**PROBLEM TO SOLVE**
A line belongs in the answer if it contains "along"; copy every such line from the entries below.

**Source records**
────────
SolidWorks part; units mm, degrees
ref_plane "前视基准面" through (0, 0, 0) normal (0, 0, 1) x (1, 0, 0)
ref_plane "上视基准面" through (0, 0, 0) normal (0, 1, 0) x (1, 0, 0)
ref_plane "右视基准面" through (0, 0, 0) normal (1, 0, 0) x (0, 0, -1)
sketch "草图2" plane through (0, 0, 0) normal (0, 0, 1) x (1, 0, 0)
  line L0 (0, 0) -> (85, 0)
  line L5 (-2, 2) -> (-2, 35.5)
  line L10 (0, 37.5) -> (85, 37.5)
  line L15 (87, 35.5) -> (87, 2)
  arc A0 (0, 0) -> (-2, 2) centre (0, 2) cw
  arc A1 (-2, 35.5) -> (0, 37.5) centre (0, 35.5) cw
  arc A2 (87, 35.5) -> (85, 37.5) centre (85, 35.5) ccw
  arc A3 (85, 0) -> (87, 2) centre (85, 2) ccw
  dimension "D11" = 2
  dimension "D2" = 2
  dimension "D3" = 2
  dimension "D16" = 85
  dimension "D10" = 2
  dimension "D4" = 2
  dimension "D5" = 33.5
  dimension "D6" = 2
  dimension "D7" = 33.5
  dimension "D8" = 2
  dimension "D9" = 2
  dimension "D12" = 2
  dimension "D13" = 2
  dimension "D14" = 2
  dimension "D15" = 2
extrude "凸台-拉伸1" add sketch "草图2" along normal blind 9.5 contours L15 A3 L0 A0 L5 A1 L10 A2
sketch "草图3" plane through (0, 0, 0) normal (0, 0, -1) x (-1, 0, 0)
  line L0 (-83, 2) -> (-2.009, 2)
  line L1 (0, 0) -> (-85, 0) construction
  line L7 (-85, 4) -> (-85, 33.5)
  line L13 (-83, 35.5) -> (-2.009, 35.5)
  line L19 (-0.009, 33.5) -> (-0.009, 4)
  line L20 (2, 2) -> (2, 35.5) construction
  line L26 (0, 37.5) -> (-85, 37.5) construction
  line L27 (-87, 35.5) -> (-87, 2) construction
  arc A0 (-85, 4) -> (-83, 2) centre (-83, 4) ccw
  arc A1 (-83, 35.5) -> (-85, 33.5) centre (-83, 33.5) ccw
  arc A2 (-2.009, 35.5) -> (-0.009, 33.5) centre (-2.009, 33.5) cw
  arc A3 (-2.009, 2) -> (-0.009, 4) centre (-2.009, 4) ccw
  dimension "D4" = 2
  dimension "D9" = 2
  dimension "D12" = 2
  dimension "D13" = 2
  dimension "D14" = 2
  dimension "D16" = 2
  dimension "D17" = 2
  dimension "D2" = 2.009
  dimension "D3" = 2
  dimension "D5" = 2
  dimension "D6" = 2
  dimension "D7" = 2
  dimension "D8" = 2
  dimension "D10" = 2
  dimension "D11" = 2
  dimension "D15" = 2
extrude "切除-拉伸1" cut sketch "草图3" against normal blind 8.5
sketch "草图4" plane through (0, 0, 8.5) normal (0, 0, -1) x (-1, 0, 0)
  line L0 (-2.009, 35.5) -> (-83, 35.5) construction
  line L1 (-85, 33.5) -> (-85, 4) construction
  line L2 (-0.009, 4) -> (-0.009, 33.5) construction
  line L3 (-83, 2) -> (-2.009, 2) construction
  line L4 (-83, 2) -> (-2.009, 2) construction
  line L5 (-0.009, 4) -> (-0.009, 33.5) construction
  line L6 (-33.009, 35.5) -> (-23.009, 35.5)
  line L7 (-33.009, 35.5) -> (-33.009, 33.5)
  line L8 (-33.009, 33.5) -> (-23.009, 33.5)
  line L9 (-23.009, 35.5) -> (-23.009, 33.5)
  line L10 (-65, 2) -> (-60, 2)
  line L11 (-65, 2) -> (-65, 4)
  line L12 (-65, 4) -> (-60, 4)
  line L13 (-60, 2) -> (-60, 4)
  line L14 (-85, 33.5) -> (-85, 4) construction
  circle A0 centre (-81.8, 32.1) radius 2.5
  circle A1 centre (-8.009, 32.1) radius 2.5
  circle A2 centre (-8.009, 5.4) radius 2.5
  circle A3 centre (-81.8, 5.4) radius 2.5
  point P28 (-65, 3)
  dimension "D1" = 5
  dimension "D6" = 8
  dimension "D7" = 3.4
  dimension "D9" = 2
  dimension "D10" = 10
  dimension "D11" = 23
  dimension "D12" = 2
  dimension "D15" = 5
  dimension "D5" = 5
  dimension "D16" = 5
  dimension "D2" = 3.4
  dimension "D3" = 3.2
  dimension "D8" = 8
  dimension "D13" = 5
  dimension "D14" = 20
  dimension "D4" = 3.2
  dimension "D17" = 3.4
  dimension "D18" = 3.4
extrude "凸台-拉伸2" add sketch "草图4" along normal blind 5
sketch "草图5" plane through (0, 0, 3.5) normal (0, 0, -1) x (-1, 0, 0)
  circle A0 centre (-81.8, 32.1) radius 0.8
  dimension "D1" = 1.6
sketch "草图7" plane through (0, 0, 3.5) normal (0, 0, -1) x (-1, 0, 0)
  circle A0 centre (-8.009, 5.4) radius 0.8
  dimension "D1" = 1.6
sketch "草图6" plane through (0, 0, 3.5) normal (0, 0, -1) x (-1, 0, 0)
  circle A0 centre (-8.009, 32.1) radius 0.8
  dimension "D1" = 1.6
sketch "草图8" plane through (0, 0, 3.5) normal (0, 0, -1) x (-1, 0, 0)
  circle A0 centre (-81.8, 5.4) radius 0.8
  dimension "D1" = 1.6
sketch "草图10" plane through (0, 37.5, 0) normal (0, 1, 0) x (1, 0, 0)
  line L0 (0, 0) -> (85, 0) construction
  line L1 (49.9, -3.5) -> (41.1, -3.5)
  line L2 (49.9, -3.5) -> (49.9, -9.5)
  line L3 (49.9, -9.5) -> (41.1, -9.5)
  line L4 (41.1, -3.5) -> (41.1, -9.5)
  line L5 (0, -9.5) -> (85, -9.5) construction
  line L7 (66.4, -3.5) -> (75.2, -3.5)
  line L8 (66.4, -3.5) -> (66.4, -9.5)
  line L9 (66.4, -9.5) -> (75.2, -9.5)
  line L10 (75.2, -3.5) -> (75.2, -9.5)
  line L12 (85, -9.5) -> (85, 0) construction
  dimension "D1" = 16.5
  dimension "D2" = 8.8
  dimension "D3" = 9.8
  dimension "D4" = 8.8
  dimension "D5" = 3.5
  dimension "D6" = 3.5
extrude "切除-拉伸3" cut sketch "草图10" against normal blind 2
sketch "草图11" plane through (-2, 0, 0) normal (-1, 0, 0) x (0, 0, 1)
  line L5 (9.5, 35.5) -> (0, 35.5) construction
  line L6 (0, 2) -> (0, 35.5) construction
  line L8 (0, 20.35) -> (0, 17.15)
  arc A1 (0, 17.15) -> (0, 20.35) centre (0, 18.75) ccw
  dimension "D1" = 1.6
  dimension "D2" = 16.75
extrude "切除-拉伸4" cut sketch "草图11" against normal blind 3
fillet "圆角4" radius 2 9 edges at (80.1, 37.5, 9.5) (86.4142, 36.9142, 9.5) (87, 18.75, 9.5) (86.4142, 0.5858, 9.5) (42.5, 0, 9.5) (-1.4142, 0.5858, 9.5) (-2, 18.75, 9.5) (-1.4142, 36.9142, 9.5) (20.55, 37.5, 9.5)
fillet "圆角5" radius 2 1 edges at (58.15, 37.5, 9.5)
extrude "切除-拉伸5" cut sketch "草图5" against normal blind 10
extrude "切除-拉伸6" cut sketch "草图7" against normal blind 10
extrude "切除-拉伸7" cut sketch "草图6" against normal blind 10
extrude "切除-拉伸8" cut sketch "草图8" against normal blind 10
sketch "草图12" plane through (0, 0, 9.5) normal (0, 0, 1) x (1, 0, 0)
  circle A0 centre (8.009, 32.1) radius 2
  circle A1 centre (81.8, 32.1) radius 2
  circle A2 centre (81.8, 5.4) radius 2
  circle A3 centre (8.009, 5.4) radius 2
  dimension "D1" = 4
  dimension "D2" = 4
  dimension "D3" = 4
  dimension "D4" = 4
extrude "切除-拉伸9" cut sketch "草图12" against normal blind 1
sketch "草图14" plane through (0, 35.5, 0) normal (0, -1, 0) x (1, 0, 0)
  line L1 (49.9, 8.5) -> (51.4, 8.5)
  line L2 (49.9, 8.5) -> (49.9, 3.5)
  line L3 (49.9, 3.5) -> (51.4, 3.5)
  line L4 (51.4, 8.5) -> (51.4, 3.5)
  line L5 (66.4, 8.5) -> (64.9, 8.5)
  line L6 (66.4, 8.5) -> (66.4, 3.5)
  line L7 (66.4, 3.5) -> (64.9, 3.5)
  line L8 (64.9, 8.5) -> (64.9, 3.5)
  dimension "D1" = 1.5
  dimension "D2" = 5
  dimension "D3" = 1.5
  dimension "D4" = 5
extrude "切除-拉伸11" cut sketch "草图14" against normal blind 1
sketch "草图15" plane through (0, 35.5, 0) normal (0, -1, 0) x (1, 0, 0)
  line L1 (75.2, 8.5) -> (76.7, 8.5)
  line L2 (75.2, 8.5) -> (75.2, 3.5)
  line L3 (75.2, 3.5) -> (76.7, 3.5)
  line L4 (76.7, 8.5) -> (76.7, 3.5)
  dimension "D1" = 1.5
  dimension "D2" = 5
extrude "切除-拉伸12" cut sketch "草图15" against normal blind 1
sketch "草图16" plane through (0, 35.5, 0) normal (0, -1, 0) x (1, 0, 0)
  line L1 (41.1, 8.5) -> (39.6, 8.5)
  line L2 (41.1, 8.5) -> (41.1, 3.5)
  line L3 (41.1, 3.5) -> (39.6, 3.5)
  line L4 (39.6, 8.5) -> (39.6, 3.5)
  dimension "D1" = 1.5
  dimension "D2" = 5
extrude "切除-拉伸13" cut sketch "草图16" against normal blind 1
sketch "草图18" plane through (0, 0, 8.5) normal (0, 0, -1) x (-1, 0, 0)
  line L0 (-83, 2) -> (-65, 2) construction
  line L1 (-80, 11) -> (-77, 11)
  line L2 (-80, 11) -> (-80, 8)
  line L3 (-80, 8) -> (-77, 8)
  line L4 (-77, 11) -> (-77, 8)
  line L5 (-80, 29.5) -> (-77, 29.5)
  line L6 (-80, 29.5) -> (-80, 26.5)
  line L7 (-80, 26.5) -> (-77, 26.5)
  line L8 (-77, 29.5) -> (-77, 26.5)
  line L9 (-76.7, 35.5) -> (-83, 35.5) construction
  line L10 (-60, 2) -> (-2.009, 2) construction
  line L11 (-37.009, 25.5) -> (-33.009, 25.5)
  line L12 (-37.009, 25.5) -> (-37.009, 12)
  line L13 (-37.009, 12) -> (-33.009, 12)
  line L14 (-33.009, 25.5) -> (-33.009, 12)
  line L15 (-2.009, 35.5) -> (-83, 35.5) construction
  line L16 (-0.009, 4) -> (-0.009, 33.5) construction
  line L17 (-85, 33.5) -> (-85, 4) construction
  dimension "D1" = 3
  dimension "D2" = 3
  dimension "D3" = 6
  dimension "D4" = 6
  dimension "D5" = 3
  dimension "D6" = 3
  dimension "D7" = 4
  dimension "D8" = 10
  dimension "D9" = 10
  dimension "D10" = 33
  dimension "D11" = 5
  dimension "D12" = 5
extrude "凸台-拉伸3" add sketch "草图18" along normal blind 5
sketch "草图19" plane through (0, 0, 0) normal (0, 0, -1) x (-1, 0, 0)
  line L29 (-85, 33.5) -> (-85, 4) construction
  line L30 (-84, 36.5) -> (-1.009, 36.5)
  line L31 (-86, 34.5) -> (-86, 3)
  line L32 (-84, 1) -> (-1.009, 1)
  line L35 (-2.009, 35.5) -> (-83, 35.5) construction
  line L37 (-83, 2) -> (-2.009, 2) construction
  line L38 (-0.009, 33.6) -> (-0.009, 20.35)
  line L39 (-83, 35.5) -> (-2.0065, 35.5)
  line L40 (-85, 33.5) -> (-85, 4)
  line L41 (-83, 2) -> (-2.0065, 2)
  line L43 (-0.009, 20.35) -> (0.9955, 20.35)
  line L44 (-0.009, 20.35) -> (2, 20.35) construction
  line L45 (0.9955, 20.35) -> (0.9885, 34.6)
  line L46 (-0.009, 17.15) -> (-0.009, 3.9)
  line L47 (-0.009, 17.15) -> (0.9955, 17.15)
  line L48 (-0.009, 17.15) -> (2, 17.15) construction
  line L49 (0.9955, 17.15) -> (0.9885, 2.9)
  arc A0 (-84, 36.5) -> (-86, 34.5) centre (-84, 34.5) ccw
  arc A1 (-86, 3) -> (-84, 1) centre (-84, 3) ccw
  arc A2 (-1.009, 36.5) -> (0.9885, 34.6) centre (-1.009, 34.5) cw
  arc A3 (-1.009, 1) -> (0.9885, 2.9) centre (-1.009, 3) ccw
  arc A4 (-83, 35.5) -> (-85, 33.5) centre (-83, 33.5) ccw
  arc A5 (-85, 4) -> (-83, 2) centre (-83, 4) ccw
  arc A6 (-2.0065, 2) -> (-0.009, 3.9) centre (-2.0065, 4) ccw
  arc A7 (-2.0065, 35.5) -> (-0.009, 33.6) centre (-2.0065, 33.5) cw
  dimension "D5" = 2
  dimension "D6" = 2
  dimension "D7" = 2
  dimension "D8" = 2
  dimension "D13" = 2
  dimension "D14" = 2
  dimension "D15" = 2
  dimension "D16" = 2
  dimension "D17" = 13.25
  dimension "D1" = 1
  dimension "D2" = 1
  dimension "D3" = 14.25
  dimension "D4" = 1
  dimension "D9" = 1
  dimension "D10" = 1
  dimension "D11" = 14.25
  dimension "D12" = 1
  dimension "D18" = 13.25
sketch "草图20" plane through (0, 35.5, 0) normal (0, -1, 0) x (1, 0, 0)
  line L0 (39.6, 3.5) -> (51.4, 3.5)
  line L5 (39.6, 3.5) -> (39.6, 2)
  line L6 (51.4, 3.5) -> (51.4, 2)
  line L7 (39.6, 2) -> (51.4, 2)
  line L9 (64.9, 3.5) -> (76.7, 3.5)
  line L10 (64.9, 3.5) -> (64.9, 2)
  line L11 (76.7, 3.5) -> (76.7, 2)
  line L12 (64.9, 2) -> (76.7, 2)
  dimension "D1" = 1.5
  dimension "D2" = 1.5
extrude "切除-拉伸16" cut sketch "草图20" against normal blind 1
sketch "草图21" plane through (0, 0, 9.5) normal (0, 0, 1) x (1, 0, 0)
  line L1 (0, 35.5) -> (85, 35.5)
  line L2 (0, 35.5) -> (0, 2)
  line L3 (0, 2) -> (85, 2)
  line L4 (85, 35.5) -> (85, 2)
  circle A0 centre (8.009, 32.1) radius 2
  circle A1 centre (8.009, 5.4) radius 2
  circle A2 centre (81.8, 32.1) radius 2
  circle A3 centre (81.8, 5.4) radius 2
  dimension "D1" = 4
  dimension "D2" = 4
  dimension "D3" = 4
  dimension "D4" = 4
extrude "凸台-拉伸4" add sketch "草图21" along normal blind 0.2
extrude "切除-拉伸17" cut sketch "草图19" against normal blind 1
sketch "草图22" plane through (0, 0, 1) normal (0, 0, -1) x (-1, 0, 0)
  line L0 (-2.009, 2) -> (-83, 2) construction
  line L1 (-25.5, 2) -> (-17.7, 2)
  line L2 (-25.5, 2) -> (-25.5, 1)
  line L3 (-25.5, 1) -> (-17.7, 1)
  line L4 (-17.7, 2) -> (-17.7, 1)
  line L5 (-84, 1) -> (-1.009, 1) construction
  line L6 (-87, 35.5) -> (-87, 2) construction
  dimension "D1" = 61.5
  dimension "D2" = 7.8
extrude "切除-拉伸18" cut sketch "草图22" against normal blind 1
────────
**FINISHED EXERCISE**
extrude "凸台-拉伸1" add sketch "草图2" along normal blind 9.5 contours L15 A3 L0 A0 L5 A1 L10 A2
extrude "凸台-拉伸2" add sketch "草图4" along normal blind 5
extrude "凸台-拉伸3" add sketch "草图18" along normal blind 5
extrude "凸台-拉伸4" add sketch "草图21" along normal blind 0.2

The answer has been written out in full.